By then, after what seemed like ages but probably only a few minutes, Bill Briden returned with a couple of men and a rope, and as soon as the man was secured he was yanked over the guardrails to safety. It was then I noticed his legs were badly buckled, and probably broken, so it was now quite clear why he had not been able to make any effort while clinging to the safety net.
By the way he was dressed we got the impression he was one of the Aldenham’s officers, and not being able to find a stretcher for him, I dashed off for’ard in the direction of the sickbay to see what I could locate, and on returning found he had been taken down below. I never saw him again! Later on, after things had quietened down a bit, I got talking to our young Sick Berth Attendant. I asked him about the officer with the broken leg and he said, “Oh yes – he’s going to be OK.” Later it was confirmed that he was the Aldenham’s CO – Commander Farrant.
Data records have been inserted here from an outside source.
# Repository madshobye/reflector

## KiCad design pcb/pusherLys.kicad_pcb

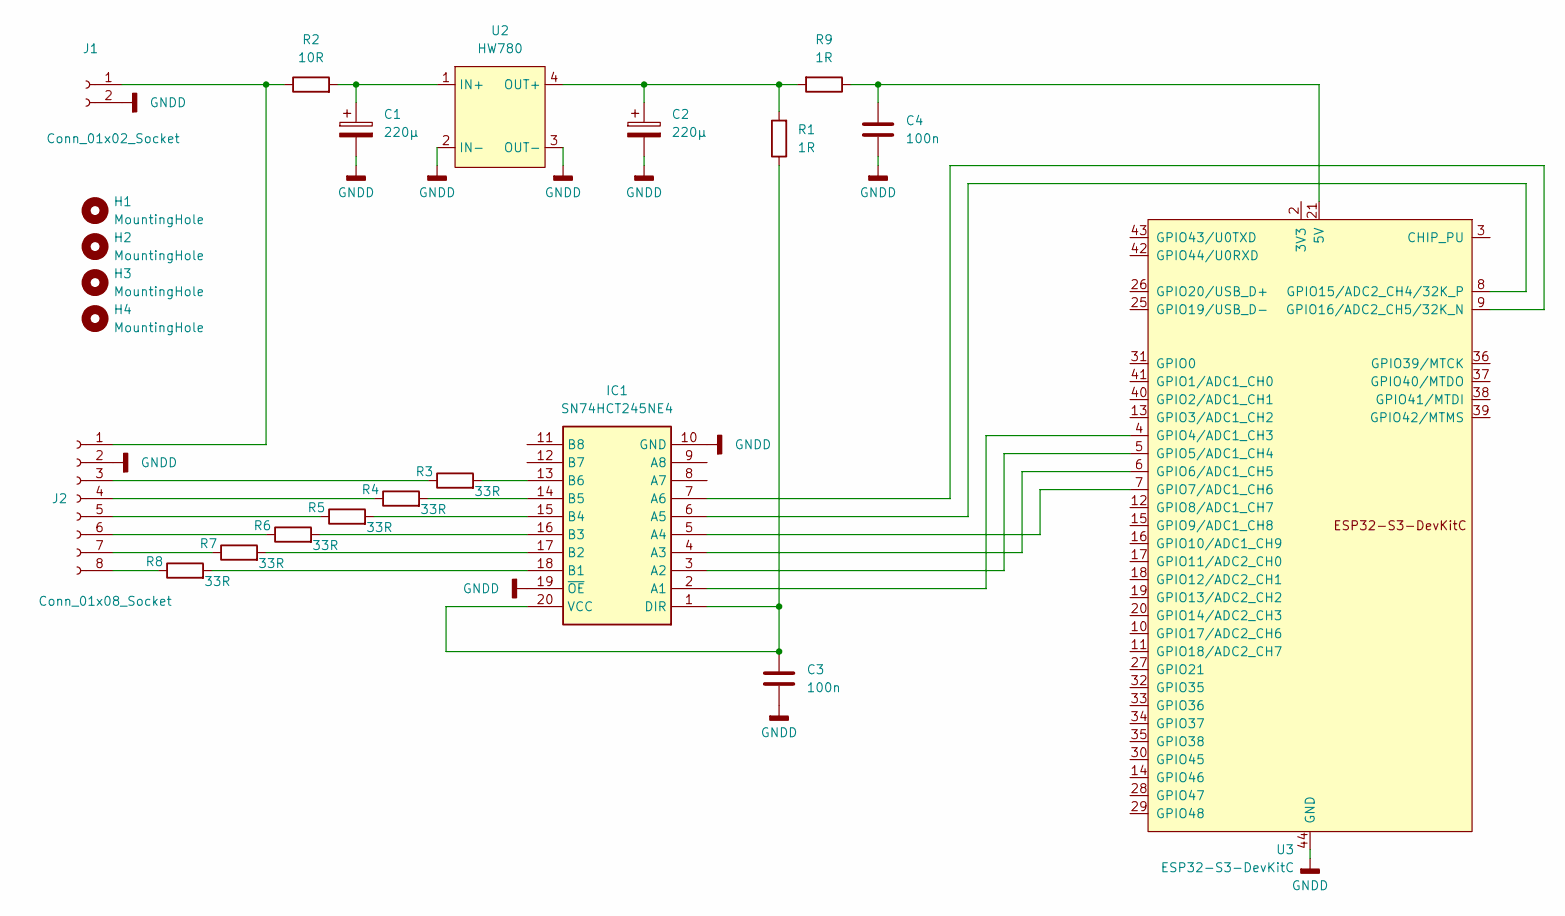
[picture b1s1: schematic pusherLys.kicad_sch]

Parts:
C1, C2: 220µ; CP_Radial_D8.0mm_P5.00mm
C3, C4: 100n; C_Disc_D5.0mm_W2.5mm_P5.00mm
H1, H2, H3, H4: MountingHole; MountingHole_3.5mm
IC1: SN74HCT245NE4; DIP-20_W7.62mm_LongPads; Mouser Part Number 595-SN74HCT245NE4
J1: Conn_01x02_Socket; TerminalBlock_MetzConnect_Type011_RT05502HBLC_1x02_P5.00mm_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
J2: Conn_01x08_Socket; TerminalBlock_MaiXu_MX126-5.0-08P_1x08_P5.00mm
R1, R9: 1R; R_Axial_DIN0207_L6.3mm_D2.5mm_P10.16mm_Horizontal
R2: 10R; R_Axial_DIN0207_L6.3mm_D2.5mm_P10.16mm_Horizontal
R3, R4, R5, R6, R7, R8: 33R; R_Axial_DIN0207_L6.3mm_D2.5mm_P10.16mm_Horizontal
U2: HW780
U3: ESP32-S3-DevKitC; ESP32-S3-DevKitC_WIDE

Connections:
GNDD: C1.2, C2.2, C3.2, C4.2, IC1.10 (GND), IC1.19 (~OE), J1.2, J2.2, U2.2 (IN-), U2.3 (OUT-), U3.22 (GND), U3.23 (GND), U3.24 (GND), U3.44 (GND)
unnamed: IC1.2 (A1), U3.4 (GPIO4/ADC1_CH3)
unnamed: IC1.3 (A2), U3.5 (GPIO5/ADC1_CH4)
unnamed: IC1.4 (A3), U3.6 (GPIO6/ADC1_CH5)
unnamed: IC1.5 (A4), U3.7 (GPIO7/ADC1_CH6)
unnamed: IC1.6 (A5), U3.8 (GPIO15/ADC2_CH4/32K_P)
unnamed: IC1.7 (A6), U3.9 (GPIO16/ADC2_CH5/32K_N)
unnamed: IC1.18 (B1), R8.2
unnamed: IC1.17 (B2), R7.2
unnamed: IC1.16 (B3), R6.2
unnamed: IC1.15 (B4), R5.2
unnamed: IC1.14 (B5), R4.2
unnamed: IC1.13 (B6), R3.2
unnamed: C3.1, IC1.1 (DIR), IC1.20 (VCC), R1.1
unnamed: J1.1, J2.1, R2.1
unnamed: J2.3, R3.1
unnamed: J2.4, R4.1
unnamed: J2.5, R5.1
unnamed: J2.6, R6.1
unnamed: J2.7, R7.1
unnamed: J2.8, R8.1
unnamed: C1.1, R2.2, U2.1 (IN+)
unnamed: C2.1, R1.2, R9.2, U2.4 (OUT+)
unnamed: U3.1 (3V3), U3.2 (3V3)
unnamed: C4.1, R9.1, U3.21 (5V)

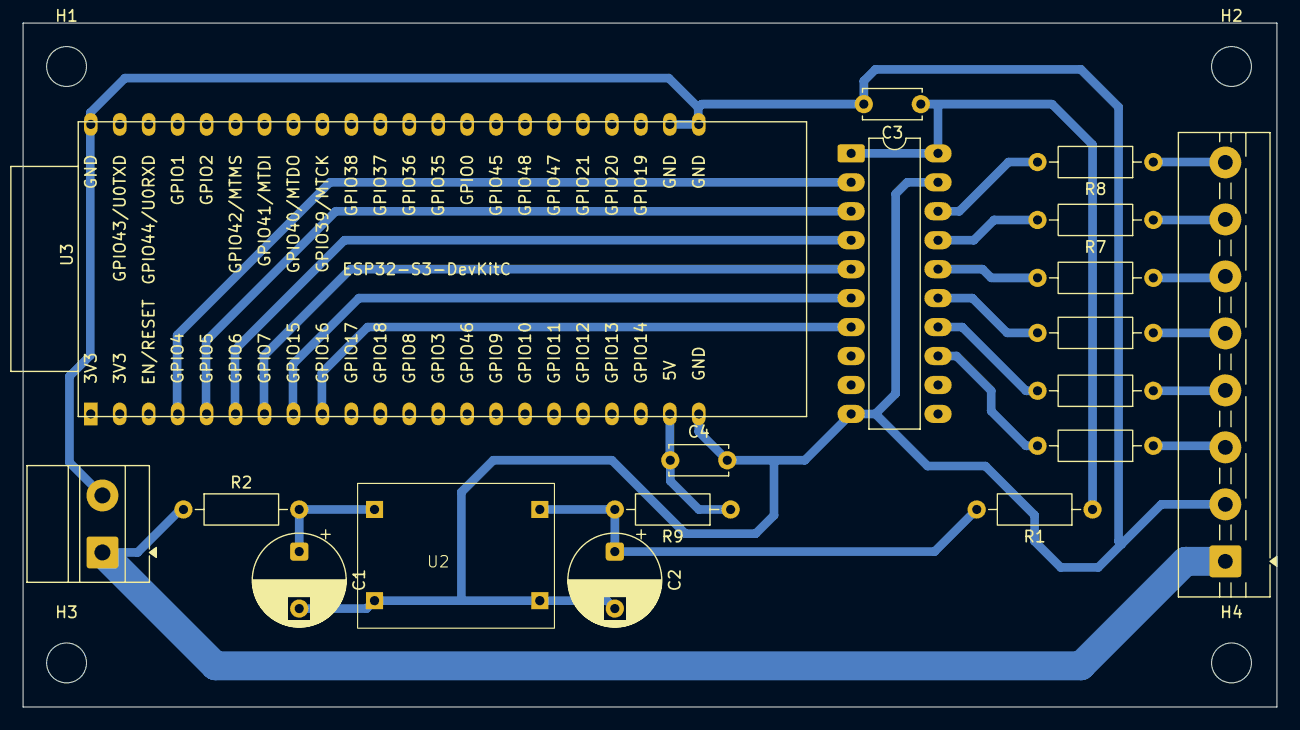
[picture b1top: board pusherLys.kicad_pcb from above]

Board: 2 copper layers, 110.0 x 60.0 mm, 22 parts (0 on the bottom side), 25 nets.

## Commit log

2026-03-11 x
    x

The other man in the duffel coat was Able Seaman Bert West. At the time I thought it was possible we could have overlooked somebody, but for miles around the sea seemed completely empty, and it was not until dark that we proceeded to Zara to go alongside the cruiser Colombo and discharge the survivors and wounded.
Thinking back on it, I often wondered if we would have had more success in picking up survivors if we had lowered the motor boat instead of the whaler, but some months previous we had a lot of trouble in starting the engine, and if it had failed again, the boat would have been more of a hindrance than an asset.
Later on, sometime after Christmas and visiting Malta, some of the Aldenham survivors came aboard and down our messes to thank us for our efforts in saving them, and by coincidence, the chap who swam to the ship’s side in his duffel coat and oilskin was one of them. We recognised each other and to me it was rather gratifying to think I had played a small part in rescuing him.